Bug or not? VE LTM resets client connection on consecutive calls to different nodes with same IP
Hi,
Not quite sure if this is a bug I should ask for technical assistance from F5 on, I'd like to get your opinion first.
Problem: LTM erraneously(?) resets client connections in a specific scenario, and logs the following related to the https server-side connection. More details on the error at the bottom.
Nov 1 00.00.00 HOSTNAME.tine.no warning tmm1[12067]: 01260013:4: SSL Handshake failed for TCP server-ip:80 -> snat-pool-ip:60225
Infrastructure: HA cluster of BIG-IP VE LTM version 14.1.4.6.
VS client-side: Type:Standard, HTTPS, HTTP Compression enabled
VS server-side: HTTP, SNAT:enabled
Pools: FQDN nodes only, no request queueing, only "http" monitors used.
The iRule separates calls by the URI, and for various reasons the two pools used (pool-A and pool-B) for different calls both contain FQDN members that have the same IP address but different FQDN names.
The iRule looks like this:
when HTTP_REQUEST {
switch -glob -- [string tolower [HTTP::host]] {
"FQDN-used-by-client.internal" {
SSL::disable serverside
switch -glob -- [string tolower [HTTP::uri]] {
"/api/*" {
HTTP::header replace "Host" "backend-fqdn-A.internal"
pool pool-A
return
}
default {
HTTP::header replace "Host" "backend-fqdn-B.internal"
pool pool-B
return
}
}
}
}
When the client calls https://fqdn-used-by-client.internal/foo, the traffic is sent to pool-B (http).
When the URI starts with /api/* the traffic is sent to pool-A (http).
The problem is that LTM sends a RST back to the client after receiving a request when we do the following:
1. First, the client requests https://fqdn-used-by-client.internal/foo 1-3 times. All is well so far, the traffic is SNAT-ed and sent to pool-A without problems.
2. Then, after one second, the client requests https://fqdn-used-by-client.internal/api/bar. This causes the irule to reset the client connection and log the "SSL Handshake failed" message given at the top.
3. If the client only calls /api/bar in its connection, the call succeeds.
4. If we change the server side to HTTPS and use different serverssl profiles to force the correct SNI headers for the two destinations, the problem disappears.

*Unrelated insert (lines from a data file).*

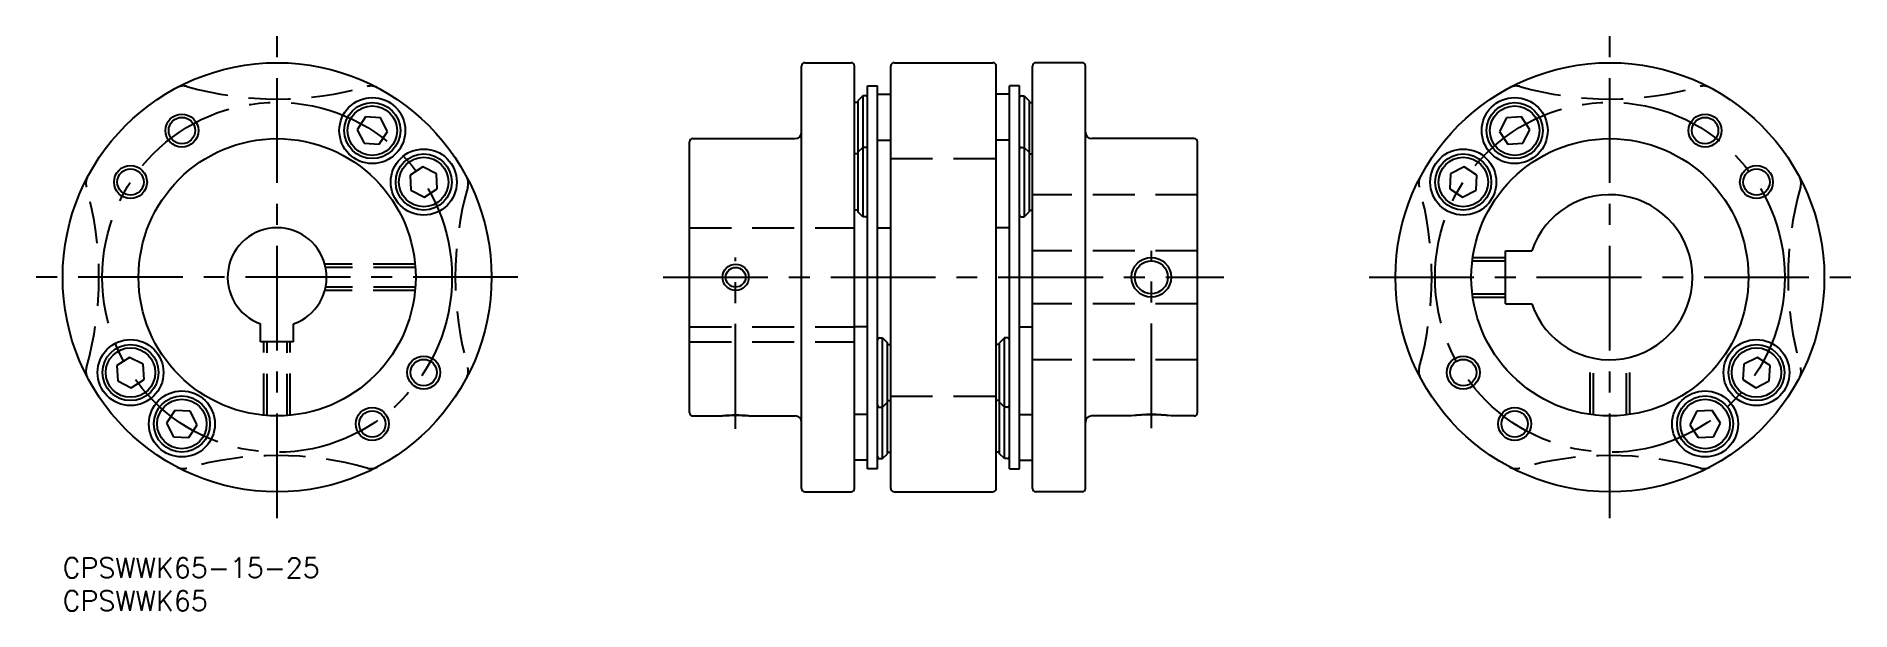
# Model space of a CAD drawing. Extents: x -4 to 271, y -8 to 79.
import ezdxf

# ---------------------------------------------------------------- set-up
doc = ezdxf.new("R2010")
doc.units = 0
doc.header["$LTSCALE"] = 0.5
doc.linetypes.add('CENTER', pattern=[50.8, 31.75, -6.35, 6.35, -6.35])
doc.linetypes.add('DASHED', pattern=[19.05, 12.7, -6.35])
for name, color, linetype in [('MSM_CENTER', 1, 'CENTER'), ('MSM_CONTINUOUS', 7, 'CONTINUOUS'), ('MSM_DASHED', 4, 'DASHED'), ('MSM_NARROW', 5, 'CONTINUOUS'), ('MSM_PART_NUMBER', 7, 'CONTINUOUS')]:
    doc.layers.add(name, color=color, linetype=linetype)
doc.styles.get("Standard").update_dxf_attribs({"font": 'txt.shx', "height": 3, "bigfont": 'bigfont.shx'})

# ---------------------------------------------------------------- blocks, each defined once
blk = doc.blocks.new('*U2')
at = {"layer": 'MSM_PART_NUMBER'}
blk.add_text('CPSWWK65-15-25', height=3, dxfattribs=at).set_placement((0, -3))
blk = doc.blocks.new('*U3')
at = {"layer": 'MSM_PART_NUMBER'}
blk.add_text('CPSWWK65', height=3, dxfattribs=at).set_placement((0, -8))

msp = doc.modelspace()

# ---------------------------------------------------------------- linework, layer by layer
at = {"layer": 'MSM_CENTER'}
for p, q in [((32.5, 6), (32.5, 79)), ((234.5, 6), (234.5, 79)), ((102, 19.55), (102, 45.5)), ((165, 19.65), (165, 46.5)), ((69, 42.5), (-4, 42.5)), ((91, 42.5), (176, 42.5)), ((198, 42.5), (271, 42.5))]:
    msp.add_line(p, q, dxfattribs=at)
for centre in [(32.5, 42.5), (234.5, 42.5)]:
    msp.add_circle(centre, 26.5, dxfattribs=at)
at = {"layer": 'MSM_CONTINUOUS'}
for p, q in [((112, 10.5), (112, 74.5)), ((112.5, 75), (119.5, 75)), ((120, 10.5), (120, 74.5)), ((125.5, 10.5), (125.5, 74.5)), ((126, 75), (141, 75)), ((141.5, 10.5), (141.5, 74.5)), ((147, 10.5), (147, 74.5)), ((154.5, 75), (147.5, 75)), ((155, 10.5), (155, 74.5)), ((120.5, 68.97), (120, 68.97)), ((121.25, 69.97), (120.5, 69.22)), ((120.5, 69.22), (120.5, 52.43)), ((121.25, 69.97), (121.25, 51.68)), ((121.7, 69.97), (121.25, 69.97)), ((122, 13.5), (122, 71.5)), ((122, 71.5), (123.5, 71.5)), ((123.5, 13.5), (123.5, 71.5)), ((123.5, 70.22), (125.5, 70.22)), ((143.5, 70.22), (141.5, 70.22)), ((143.5, 13.5), (143.5, 71.5)), ((145, 71.5), (143.5, 71.5)), ((145, 13.5), (145, 71.5)), ((145.3, 69.97), (145.75, 69.97)), ((145.75, 69.97), (145.75, 51.68)), ((145.75, 69.97), (146.5, 69.22)), ((146.5, 69.22), (146.5, 52.43)), ((146.5, 68.97), (147, 68.97)), ((45.88, 66.78), (44.63, 64.85)), ((48.19, 66.66), (45.88, 66.78)), ((49.24, 64.6), (48.19, 66.66)), ((218.81, 66.66), (217.76, 64.6)), ((221.12, 66.78), (218.81, 66.66)), ((222.37, 64.85), (221.12, 66.78)), ((44.63, 64.85), (45.68, 62.79)), ((47.98, 62.67), (49.24, 64.6)), ((95.5, 63.5), (111, 63.5)), ((123.5, 63.28), (125.5, 63.28)), ((143.5, 63.28), (141.5, 63.28)), ((171.5, 63.5), (156, 63.5)), ((217.76, 64.6), (219.02, 62.67)), ((221.32, 62.79), (222.37, 64.85)), ((45.68, 62.79), (47.98, 62.67)), ((95, 22), (95, 63)), ((120.5, 61.18), (120, 61.18)), ((121.25, 62.18), (120.5, 61.43)), ((121.7, 62.18), (121.25, 62.18)), ((145.3, 62.18), (145.75, 62.18)), ((145.75, 62.18), (146.5, 61.43)), ((146.5, 61.18), (147, 61.18)), ((172, 22), (172, 63)), ((219.02, 62.67), (221.32, 62.79)), ((54.6, 59.24), (52.67, 57.98)), ((52.67, 57.98), (52.79, 55.68)), ((56.66, 58.19), (54.6, 59.24)), ((56.78, 55.88), (56.66, 58.19)), ((210.34, 58.19), (210.22, 55.88)), ((212.4, 59.24), (210.34, 58.19)), ((214.33, 57.98), (212.4, 59.24)), ((214.21, 55.68), (214.33, 57.98)), ((52.79, 55.68), (54.85, 54.63)), ((54.85, 54.63), (56.78, 55.88)), ((210.22, 55.88), (212.15, 54.63)), ((212.15, 54.63), (214.21, 55.68)), ((120.5, 52.68), (120, 52.68)), ((121.25, 51.68), (120.5, 52.43)), ((145.75, 51.68), (146.5, 52.43)), ((146.5, 52.68), (147, 52.68)), ((121.7, 51.68), (121.25, 51.68)), ((123.5, 49.98), (125.5, 49.98)), ((143.5, 49.98), (141.5, 49.98)), ((145.3, 51.68), (145.75, 51.68)), ((218.7, 46.5), (222.66, 46.5)), ((218.7, 38.5), (218.7, 46.5)), ((218.7, 38.5), (222.66, 38.5)), ((30, 32.7), (30, 35.43)), ((35, 32.7), (35, 35.43)), ((122, 35.02), (120, 35.02)), ((123.8, 33.32), (124.25, 33.32)), ((124.25, 15.03), (124.25, 33.32)), ((124.25, 33.32), (125, 32.57)), ((142.75, 33.32), (142, 32.57)), ((142.75, 15.03), (142.75, 33.32)), ((143.2, 33.32), (142.75, 33.32)), ((145, 35.02), (147, 35.02)), ((10.15, 30.37), (8.22, 29.12)), ((12.21, 29.32), (10.15, 30.37)), ((35, 32.7), (30, 32.7)), ((125, 15.78), (125, 32.57)), ((125, 32.32), (125.5, 32.32)), ((142, 32.32), (141.5, 32.32)), ((142, 15.78), (142, 32.57)), ((256.85, 30.37), (254.79, 29.32)), ((258.78, 29.12), (256.85, 30.37)), ((8.22, 29.12), (8.34, 26.81)), ((12.33, 27.02), (12.21, 29.32)), ((254.79, 29.32), (254.67, 27.02)), ((258.66, 26.81), (258.78, 29.12)), ((8.34, 26.81), (10.4, 25.76)), ((10.4, 25.76), (12.33, 27.02)), ((254.67, 27.02), (256.6, 25.76)), ((256.6, 25.76), (258.66, 26.81)), ((17.02, 22.33), (15.76, 20.4)), ((19.32, 22.21), (17.02, 22.33)), ((20.37, 20.15), (19.32, 22.21)), ((123.8, 22.82), (124.25, 22.82)), ((124.25, 22.82), (125, 23.57)), ((125, 23.82), (125.5, 23.82)), ((142, 23.82), (141.5, 23.82)), ((142.75, 22.82), (142, 23.57)), ((143.2, 22.82), (142.75, 22.82)), ((247.68, 22.21), (246.63, 20.15)), ((249.98, 22.33), (247.68, 22.21)), ((251.24, 20.4), (249.98, 22.33)), ((15.76, 20.4), (16.81, 18.34)), ((19.12, 18.22), (20.37, 20.15)), ((95.5, 21.5), (100, 21.5)), ((104, 21.5), (111, 21.5)), ((122, 21.72), (120, 21.72)), ((145, 21.72), (147, 21.72)), ((162, 21.5), (156, 21.5)), ((171.5, 21.5), (168, 21.5)), ((246.63, 20.15), (247.88, 18.22)), ((250.19, 18.34), (251.24, 20.4)), ((16.81, 18.34), (19.12, 18.22)), ((247.88, 18.22), (250.19, 18.34)), ((122, 14.78), (120, 14.78)), ((123.8, 15.03), (124.25, 15.03)), ((124.25, 15.03), (125, 15.78)), ((125, 16.03), (125.5, 16.03)), ((142, 16.03), (141.5, 16.03)), ((142.75, 15.03), (142, 15.78)), ((143.2, 15.03), (142.75, 15.03)), ((145, 14.78), (147, 14.78)), ((123.5, 13.5), (122, 13.5)), ((143.5, 13.5), (145, 13.5)), ((112.5, 10), (119.5, 10)), ((126, 10), (141, 10)), ((154.5, 10), (147.5, 10))]:
    msp.add_line(p, q, dxfattribs=at)
for centre, radius in [((32.5, 42.5), 32.5), ((234.5, 42.5), 32.5), ((46.93, 64.72), 5), ((46.93, 64.72), 4.25), ((220.07, 64.72), 5), ((220.07, 64.72), 4.25), ((18.07, 64.72), 2.5), ((18.07, 64.72), 2), ((46.93, 64.72), 3.75), ((220.07, 64.72), 3.75), ((248.93, 64.72), 2.5), ((248.93, 64.72), 2), ((32.5, 42.5), 21), ((234.5, 42.5), 21), ((54.72, 56.93), 5), ((54.72, 56.93), 4.25), ((54.72, 56.93), 3.75), ((212.28, 56.93), 5), ((212.28, 56.93), 4.25), ((212.28, 56.93), 3.75), ((10.28, 56.93), 2.5), ((10.28, 56.93), 2), ((256.72, 56.93), 2.5), ((256.72, 56.93), 2), ((102, 42.5), 1.5), ((165, 42.5), 2.5), ((10.28, 28.07), 5), ((256.72, 28.07), 5), ((10.28, 28.07), 4.25), ((10.28, 28.07), 3.75), ((54.72, 28.07), 2.5), ((212.28, 28.07), 2.5), ((256.72, 28.07), 4.25), ((256.72, 28.07), 3.75), ((54.72, 28.07), 2), ((212.28, 28.07), 2), ((18.07, 20.28), 5), ((248.93, 20.28), 5), ((18.07, 20.28), 4.25), ((18.07, 20.28), 3.75), ((46.93, 20.28), 2.5), ((46.93, 20.28), 2), ((220.07, 20.28), 2.5), ((220.07, 20.28), 2), ((248.93, 20.28), 4.25), ((248.93, 20.28), 3.75)]:
    msp.add_circle(centre, radius, dxfattribs=at)
for centre, radius, start, end in [((112.5, 74.5), 0.5, 90, 180), ((119.5, 74.5), 0.5, 0, 90), ((126, 74.5), 0.5, 90, 180), ((141, 74.5), 0.5, 0, 90), ((147.5, 74.5), 0.5, 90, 180), ((154.5, 74.5), 0.5, 0, 90), ((121.7, 69.67), 0.3, 0, 90), ((145.3, 69.67), 0.3, 90, 180), ((95.5, 63), 0.5, 90, 180), ((111, 64.5), 1, 270, 0), ((156, 64.5), 1, 180, 270), ((171.5, 63), 0.5, 360, 90), ((121.7, 61.88), 0.3, 0, 90), ((145.3, 61.88), 0.3, 90, 180), ((234.5, 42.5), 12.5, 198.6629, 161.3371), ((32.5, 42.5), 7.5, 289.4712, 250.5288), ((121.7, 51.98), 0.3, 270, 0), ((145.3, 51.98), 0.3, 180, 270), ((123.8, 33.02), 0.3, 90, 180), ((143.2, 33.02), 0.3, 0, 90), ((95.5, 22), 0.5, 180, 270), ((123.8, 23.12), 0.3, 180, 270), ((143.2, 23.12), 0.3, 270, 0), ((171.5, 22), 0.5, 270, 0), ((102, -15.76), 37.31, 86.9274, 93.0726), ((111, 20.5), 1, 360, 90), ((156, 20.5), 1, 90, 180), ((165, -8.56), 30.21, 84.3003, 95.6997), ((123.8, 15.33), 0.3, 180, 270), ((143.2, 15.33), 0.3, 270, 0), ((112.5, 10.5), 0.5, 180, 270), ((119.5, 10.5), 0.5, 270, 0), ((126, 10.5), 0.5, 180, 270), ((141, 10.5), 0.5, 270, 0), ((147.5, 10.5), 0.5, 180, 270), ((154.5, 10.5), 0.5, 270, 0)]:
    msp.add_arc(centre, radius, start, end, dxfattribs=at)
at = {"layer": 'MSM_DASHED'}
for p, q in [((125.5, 60.5), (141.5, 60.5)), ((172, 55), (147, 55)), ((95, 50), (120, 50)), ((53.4, 44.5), (39.73, 44.5)), ((53.45, 44), (39.85, 44)), ((172, 46.5), (147, 46.5)), ((213.65, 45), (218.7, 45)), ((213.72, 45.5), (218.7, 45.5)), ((53.4, 40.5), (39.73, 40.5)), ((53.45, 41), (39.85, 41)), ((213.65, 40), (218.7, 40)), ((213.72, 39.5), (218.7, 39.5)), ((172, 38.5), (147, 38.5)), ((95, 35), (120, 35)), ((30.5, 21.6), (30.5, 32.7)), ((31, 21.55), (31, 32.7)), ((34, 21.55), (34, 32.7)), ((34.5, 21.6), (34.5, 32.7)), ((95, 32.7), (120, 32.7)), ((231.5, 21.72), (231.5, 30.37)), ((232, 21.65), (232, 30.25)), ((237, 21.65), (237, 30.25)), ((237.5, 21.72), (237.5, 30.37)), ((172, 30), (147, 30)), ((125.5, 24.5), (141.5, 24.5))]:
    msp.add_line(p, q, dxfattribs=at)
for centre, radius, start, end in [((18.28, 69.48), 2, 74.1294, 117.7902), ((32.5, 119.5), 50, 254.1294, 285.8706), ((46.72, 69.48), 2, 62.2098, 105.8706), ((220.28, 69.48), 2, 74.1294, 117.7902), ((234.5, 119.5), 50, 254.1294, 285.8706), ((248.72, 69.48), 2, 62.2098, 105.8706), ((5.52, 56.72), 2, 152.2098, 195.8706), ((-44.5, 42.5), 50, 344.1294, 15.8706), ((109.5, 42.5), 50, 164.1294, 195.8706), ((59.48, 56.72), 2, 344.1294, 27.7902), ((207.52, 56.72), 2, 152.2098, 195.8706), ((157.5, 42.5), 50, 344.1294, 15.8706), ((311.5, 42.5), 50, 164.1294, 195.8706), ((261.48, 56.72), 2, 344.1294, 27.7902), ((5.52, 28.28), 2, 164.1294, 207.7902), ((59.48, 28.28), 2, 332.2098, 15.8706), ((207.52, 28.28), 2, 164.1294, 207.7902), ((261.48, 28.28), 2, 332.2098, 15.8706), ((32.5, -34.5), 50, 74.1294, 105.8706), ((234.5, -34.5), 50, 74.1294, 105.8706), ((18.28, 15.52), 2, 242.2098, 285.8706), ((46.72, 15.52), 2, 254.1294, 297.7902), ((220.28, 15.52), 2, 242.2098, 285.8706), ((248.72, 15.52), 2, 254.1294, 297.7902)]:
    msp.add_arc(centre, radius, start, end, dxfattribs=at)
at = {"layer": 'MSM_NARROW'}
for centre, radius in [((102, 42.5), 2), ((165, 42.5), 3)]:
    msp.add_circle(centre, radius, dxfattribs=at)
for centre, start, end in [((102, 0.6), 84.535, 95.465), ((165, 0.72), 81.7868, 98.2132)]:
    msp.add_arc(centre, 21, start, end, dxfattribs=at)

# ---------------------------------------------------------------- block references
at = {"layer": 'MSM_CONTINUOUS'}
for name in ['*U2', '*U3']:
    msp.add_blockref(name, (0, 0), dxfattribs=at)

doc.saveas('drawing.dxf')

As we use "SSL::disable serverside" the SSL profile defined on the VS shouldn't be relevant when using HTTP server-side.
Tcpdump/Wireshark run on the client-side connection of the BIGIP shows that LTM returns a RST packet to the client 14ms after sending the client an ACK packet for the "offending" request.
My theory is that some logic related to whether/when TMM chooses to re-use a server-side HTTP connection causes this, given that it happens when consecutive requests in the same client connection is sent to the same port on two different FQDN nodes which resolve to the same IP address.